The model presented here is an idealized representation of the crater excavation process. The model assumes axisymmetry, whereas for actual impacts, oblique impact angles and geological variations/inhomogeneities in the impacted terrain could cause significant asymmetries that would complicate the identification of boulder source regions derived from the model. Our model also makes some simplifying assumptions (e.g., that the ejecta scaling laws are valid as one approaches the crater rim) that probably break down in detail, although these should affect ejecta blanket emplacement in the more proximal portions of the ejecta blankets, not in the more distal regions we are focused on here.
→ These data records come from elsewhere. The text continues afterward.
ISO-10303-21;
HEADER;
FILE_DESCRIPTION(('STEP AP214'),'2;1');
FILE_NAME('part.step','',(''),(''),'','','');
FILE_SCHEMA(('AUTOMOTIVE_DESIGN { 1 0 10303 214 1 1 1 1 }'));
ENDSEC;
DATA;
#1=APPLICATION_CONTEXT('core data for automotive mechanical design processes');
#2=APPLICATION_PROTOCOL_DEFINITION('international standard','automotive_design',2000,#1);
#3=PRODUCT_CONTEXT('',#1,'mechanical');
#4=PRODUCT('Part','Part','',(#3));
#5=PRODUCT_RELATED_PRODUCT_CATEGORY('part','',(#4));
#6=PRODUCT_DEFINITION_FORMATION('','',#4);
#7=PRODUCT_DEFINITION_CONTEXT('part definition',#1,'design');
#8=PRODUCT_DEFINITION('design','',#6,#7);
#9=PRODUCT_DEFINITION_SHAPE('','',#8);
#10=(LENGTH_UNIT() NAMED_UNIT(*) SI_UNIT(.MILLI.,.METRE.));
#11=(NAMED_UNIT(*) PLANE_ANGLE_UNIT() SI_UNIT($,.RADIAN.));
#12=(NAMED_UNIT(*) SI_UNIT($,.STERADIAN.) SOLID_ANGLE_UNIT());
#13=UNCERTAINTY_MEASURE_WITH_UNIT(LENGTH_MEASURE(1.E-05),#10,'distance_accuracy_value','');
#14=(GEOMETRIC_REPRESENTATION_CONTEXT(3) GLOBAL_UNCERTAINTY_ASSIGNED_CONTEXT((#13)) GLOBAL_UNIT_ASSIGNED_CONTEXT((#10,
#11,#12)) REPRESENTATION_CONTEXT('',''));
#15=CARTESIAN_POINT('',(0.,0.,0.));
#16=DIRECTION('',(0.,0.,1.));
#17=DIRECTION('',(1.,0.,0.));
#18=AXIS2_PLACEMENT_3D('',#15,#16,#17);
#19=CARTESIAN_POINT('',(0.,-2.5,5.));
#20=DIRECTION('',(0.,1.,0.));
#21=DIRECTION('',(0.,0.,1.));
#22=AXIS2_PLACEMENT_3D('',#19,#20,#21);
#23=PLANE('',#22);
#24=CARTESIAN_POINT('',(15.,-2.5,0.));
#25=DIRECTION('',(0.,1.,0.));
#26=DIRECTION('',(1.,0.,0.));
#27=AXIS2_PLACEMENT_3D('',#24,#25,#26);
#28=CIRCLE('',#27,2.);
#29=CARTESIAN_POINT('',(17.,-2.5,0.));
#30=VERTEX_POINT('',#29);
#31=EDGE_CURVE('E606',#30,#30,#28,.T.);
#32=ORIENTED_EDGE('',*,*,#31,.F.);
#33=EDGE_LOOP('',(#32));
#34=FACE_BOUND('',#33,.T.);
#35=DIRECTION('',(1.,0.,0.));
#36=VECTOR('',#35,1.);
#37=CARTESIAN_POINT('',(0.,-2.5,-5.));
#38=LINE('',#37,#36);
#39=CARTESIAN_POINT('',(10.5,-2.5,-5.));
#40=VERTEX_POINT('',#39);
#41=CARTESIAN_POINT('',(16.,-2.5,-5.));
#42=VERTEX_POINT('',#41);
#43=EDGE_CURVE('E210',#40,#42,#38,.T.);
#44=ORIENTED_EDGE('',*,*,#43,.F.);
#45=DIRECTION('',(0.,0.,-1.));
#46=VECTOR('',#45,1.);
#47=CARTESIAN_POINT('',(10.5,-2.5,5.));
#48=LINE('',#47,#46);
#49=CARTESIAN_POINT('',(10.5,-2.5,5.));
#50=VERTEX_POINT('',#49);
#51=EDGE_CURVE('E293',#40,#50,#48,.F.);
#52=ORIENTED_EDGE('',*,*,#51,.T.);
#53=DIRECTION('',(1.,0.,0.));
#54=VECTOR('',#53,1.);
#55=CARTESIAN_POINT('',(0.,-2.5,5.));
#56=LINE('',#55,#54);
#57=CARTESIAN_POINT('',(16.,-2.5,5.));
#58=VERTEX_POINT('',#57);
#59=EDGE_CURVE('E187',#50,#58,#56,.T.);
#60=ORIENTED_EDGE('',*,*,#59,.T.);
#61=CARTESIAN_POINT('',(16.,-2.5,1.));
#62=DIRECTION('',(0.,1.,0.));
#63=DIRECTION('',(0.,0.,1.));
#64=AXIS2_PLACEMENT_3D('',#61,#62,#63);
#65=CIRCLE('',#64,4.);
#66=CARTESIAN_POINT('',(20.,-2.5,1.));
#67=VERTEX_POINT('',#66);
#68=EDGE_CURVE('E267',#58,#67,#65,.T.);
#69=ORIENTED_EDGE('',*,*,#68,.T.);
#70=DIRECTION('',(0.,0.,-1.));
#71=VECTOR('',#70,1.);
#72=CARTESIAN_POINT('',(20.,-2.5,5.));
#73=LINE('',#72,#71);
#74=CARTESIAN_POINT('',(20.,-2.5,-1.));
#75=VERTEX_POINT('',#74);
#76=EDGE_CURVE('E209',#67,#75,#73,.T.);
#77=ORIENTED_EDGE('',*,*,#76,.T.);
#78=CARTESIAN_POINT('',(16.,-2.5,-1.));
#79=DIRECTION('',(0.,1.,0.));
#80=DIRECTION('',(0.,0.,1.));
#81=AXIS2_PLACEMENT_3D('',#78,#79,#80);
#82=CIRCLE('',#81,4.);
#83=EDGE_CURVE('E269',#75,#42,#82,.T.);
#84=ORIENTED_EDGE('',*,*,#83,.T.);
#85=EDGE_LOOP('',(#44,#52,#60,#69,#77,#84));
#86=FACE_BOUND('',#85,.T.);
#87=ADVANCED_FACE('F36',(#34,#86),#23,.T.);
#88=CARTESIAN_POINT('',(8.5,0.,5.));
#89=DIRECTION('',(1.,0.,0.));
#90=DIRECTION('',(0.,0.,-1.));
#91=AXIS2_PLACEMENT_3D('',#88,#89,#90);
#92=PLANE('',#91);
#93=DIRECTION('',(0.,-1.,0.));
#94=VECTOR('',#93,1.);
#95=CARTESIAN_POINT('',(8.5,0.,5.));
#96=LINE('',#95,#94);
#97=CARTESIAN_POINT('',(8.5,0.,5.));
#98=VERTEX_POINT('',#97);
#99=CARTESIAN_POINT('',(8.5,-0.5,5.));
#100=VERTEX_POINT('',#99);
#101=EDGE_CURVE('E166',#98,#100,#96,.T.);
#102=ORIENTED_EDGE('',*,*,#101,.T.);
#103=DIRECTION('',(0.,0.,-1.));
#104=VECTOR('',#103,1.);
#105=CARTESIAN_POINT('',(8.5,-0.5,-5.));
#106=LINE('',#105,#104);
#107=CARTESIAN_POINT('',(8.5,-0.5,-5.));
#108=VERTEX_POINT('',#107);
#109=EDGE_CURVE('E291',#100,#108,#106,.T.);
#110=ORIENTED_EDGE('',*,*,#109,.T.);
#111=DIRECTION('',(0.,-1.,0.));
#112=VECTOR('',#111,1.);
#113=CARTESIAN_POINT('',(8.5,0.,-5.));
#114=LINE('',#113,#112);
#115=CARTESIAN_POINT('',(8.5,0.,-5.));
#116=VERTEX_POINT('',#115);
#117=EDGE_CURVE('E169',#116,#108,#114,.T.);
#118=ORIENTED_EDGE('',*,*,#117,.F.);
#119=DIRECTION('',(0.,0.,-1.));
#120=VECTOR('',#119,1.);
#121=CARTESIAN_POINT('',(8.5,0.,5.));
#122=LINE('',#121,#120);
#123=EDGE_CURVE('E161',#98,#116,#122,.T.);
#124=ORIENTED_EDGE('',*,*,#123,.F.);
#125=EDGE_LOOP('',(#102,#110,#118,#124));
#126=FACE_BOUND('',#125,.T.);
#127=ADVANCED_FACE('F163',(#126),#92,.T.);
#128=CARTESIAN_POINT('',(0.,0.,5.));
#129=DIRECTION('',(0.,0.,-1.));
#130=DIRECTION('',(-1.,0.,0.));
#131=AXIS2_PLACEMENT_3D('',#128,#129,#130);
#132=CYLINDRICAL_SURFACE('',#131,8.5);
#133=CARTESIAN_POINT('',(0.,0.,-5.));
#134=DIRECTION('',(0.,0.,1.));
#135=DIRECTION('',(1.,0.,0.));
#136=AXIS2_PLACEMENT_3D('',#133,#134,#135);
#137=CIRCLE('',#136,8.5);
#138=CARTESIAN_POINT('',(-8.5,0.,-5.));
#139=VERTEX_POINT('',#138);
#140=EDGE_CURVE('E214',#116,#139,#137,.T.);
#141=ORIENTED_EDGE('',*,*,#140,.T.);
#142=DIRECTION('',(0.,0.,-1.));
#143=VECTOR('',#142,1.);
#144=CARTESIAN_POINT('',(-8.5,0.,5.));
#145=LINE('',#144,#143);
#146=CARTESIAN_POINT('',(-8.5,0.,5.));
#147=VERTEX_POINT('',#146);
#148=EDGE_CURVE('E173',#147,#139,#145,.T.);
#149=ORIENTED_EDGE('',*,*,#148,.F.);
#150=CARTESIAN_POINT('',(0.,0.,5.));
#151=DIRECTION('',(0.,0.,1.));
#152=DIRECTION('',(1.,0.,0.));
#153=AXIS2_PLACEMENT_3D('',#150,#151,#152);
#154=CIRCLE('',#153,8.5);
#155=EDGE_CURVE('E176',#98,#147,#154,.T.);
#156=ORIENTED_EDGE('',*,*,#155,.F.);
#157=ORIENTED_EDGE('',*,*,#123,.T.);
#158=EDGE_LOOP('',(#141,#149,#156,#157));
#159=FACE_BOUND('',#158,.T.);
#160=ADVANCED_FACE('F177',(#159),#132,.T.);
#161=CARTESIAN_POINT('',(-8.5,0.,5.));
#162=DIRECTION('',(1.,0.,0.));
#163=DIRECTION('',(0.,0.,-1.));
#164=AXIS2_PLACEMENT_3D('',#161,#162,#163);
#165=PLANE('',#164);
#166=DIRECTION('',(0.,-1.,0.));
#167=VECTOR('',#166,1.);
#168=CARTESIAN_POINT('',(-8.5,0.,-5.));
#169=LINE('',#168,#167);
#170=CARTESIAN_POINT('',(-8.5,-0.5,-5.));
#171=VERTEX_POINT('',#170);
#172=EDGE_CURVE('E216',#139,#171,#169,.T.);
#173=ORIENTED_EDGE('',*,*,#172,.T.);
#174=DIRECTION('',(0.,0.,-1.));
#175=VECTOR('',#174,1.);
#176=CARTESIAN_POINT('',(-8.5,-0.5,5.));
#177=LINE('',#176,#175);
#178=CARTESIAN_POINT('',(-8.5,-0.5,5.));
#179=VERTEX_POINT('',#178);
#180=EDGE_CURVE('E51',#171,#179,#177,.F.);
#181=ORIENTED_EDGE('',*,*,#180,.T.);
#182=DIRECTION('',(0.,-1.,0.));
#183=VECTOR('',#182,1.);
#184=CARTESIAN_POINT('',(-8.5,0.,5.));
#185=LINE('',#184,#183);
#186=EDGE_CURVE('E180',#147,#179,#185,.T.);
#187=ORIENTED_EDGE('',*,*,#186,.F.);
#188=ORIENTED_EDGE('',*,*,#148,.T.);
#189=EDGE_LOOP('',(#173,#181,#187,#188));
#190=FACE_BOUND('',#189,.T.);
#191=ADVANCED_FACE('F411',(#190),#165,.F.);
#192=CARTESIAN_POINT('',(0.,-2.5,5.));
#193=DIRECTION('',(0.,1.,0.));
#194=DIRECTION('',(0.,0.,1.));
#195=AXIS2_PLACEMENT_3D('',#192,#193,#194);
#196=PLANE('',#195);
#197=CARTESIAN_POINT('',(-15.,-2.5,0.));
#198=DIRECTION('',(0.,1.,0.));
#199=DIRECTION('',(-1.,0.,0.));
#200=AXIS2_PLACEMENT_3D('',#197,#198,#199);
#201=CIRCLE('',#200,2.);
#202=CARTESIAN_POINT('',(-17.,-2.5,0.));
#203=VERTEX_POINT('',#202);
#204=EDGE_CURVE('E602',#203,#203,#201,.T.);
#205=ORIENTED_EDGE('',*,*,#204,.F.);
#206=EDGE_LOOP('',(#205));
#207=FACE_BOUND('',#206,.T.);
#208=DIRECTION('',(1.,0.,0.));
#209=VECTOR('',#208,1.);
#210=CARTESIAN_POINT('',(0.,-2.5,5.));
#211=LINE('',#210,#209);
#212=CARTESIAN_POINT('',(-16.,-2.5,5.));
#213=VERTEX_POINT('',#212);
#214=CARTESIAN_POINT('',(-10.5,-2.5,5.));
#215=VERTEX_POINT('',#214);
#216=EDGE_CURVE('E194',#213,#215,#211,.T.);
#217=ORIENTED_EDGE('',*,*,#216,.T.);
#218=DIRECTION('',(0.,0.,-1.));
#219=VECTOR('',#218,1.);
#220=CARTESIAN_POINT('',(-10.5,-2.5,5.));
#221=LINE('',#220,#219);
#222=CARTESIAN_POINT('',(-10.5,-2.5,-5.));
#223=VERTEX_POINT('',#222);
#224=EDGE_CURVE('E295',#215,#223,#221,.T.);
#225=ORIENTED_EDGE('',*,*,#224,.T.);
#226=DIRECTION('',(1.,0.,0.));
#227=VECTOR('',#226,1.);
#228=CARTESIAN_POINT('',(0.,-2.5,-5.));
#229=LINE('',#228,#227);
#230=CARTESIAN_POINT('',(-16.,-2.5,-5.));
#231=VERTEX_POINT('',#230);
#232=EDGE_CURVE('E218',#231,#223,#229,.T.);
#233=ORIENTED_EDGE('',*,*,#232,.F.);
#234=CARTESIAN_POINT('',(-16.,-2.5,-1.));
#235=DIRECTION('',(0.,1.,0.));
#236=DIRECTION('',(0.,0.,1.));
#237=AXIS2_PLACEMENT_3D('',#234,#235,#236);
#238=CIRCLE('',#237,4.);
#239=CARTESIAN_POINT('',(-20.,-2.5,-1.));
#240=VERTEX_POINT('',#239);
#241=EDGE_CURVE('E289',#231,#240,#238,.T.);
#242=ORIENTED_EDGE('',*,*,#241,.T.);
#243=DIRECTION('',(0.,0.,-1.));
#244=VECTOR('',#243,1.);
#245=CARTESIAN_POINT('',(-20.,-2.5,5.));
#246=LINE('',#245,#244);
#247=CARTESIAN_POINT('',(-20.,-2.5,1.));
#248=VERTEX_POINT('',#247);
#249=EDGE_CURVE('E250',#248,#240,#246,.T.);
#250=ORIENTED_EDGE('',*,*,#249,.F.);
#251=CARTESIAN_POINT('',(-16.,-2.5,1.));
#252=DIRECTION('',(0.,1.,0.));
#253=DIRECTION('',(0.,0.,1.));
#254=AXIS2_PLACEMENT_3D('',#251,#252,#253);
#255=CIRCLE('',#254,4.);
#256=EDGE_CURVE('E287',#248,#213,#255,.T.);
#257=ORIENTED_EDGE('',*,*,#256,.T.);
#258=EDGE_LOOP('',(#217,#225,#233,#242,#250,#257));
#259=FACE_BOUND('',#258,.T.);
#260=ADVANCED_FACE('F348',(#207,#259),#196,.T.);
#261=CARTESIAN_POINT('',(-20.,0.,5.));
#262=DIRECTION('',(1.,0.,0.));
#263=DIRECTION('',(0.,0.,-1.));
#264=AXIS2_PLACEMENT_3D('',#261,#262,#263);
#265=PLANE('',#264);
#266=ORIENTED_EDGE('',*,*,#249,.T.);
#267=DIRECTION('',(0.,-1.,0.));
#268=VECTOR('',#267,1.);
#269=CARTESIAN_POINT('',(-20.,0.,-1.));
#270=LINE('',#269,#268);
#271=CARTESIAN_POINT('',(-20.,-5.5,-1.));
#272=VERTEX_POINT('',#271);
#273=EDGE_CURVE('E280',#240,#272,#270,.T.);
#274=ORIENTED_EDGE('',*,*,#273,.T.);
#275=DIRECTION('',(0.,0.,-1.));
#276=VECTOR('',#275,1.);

We refer the reader to Richardson et al. (2007) who present detailed model refinements addressing these issues.

Results and Discussion

Figure 3 shows an example from our model of the distribution of ejecta from a km-scale crater on a hypothetical asteroid shape model with Eros-like size and shape. Results showing the distribution of crater ejecta for non-rotating and rotating models demonstrate rather clearly that the combination of asymmetric/irregular shape and rapid rotation of an asteroid can result in markedly asymmetric ejecta blankets (and, it follows, ejecta block spatial distribution), with locally very sharp/distinct boundaries. It is thus crucial to include these effects in any analysis seeking to link predictions of ejecta deposit distributions to observations of asteroid surfaces.

Figure 3.

 Two views of a numerical simulation of ejecta reaccretion on a hypothetical Eros-like asteroid. Left: landing locations of ejecta particles launched from an equatorial crater on a nonrotating model of the asteroid, showing a rather uniform and symmetric ejecta blanket morphology similar to results predicted from analytic scaling laws. Right: the same ejecta model, but including the effects of a 5.27-hr rotation period, illustrating the very asymmetric ejecta distributions and sharp ejecta blanket boundaries that can result when the effects of irregular (or, in this case, even simply asymmetrical) body shape and rapid rotation are included. The sense of rotation is right-handed, with the north pole oriented up in the figure. An animation showing the evolution of similar ejecta blanket morphology for the actual Eros shape model can be found in the online supporting information.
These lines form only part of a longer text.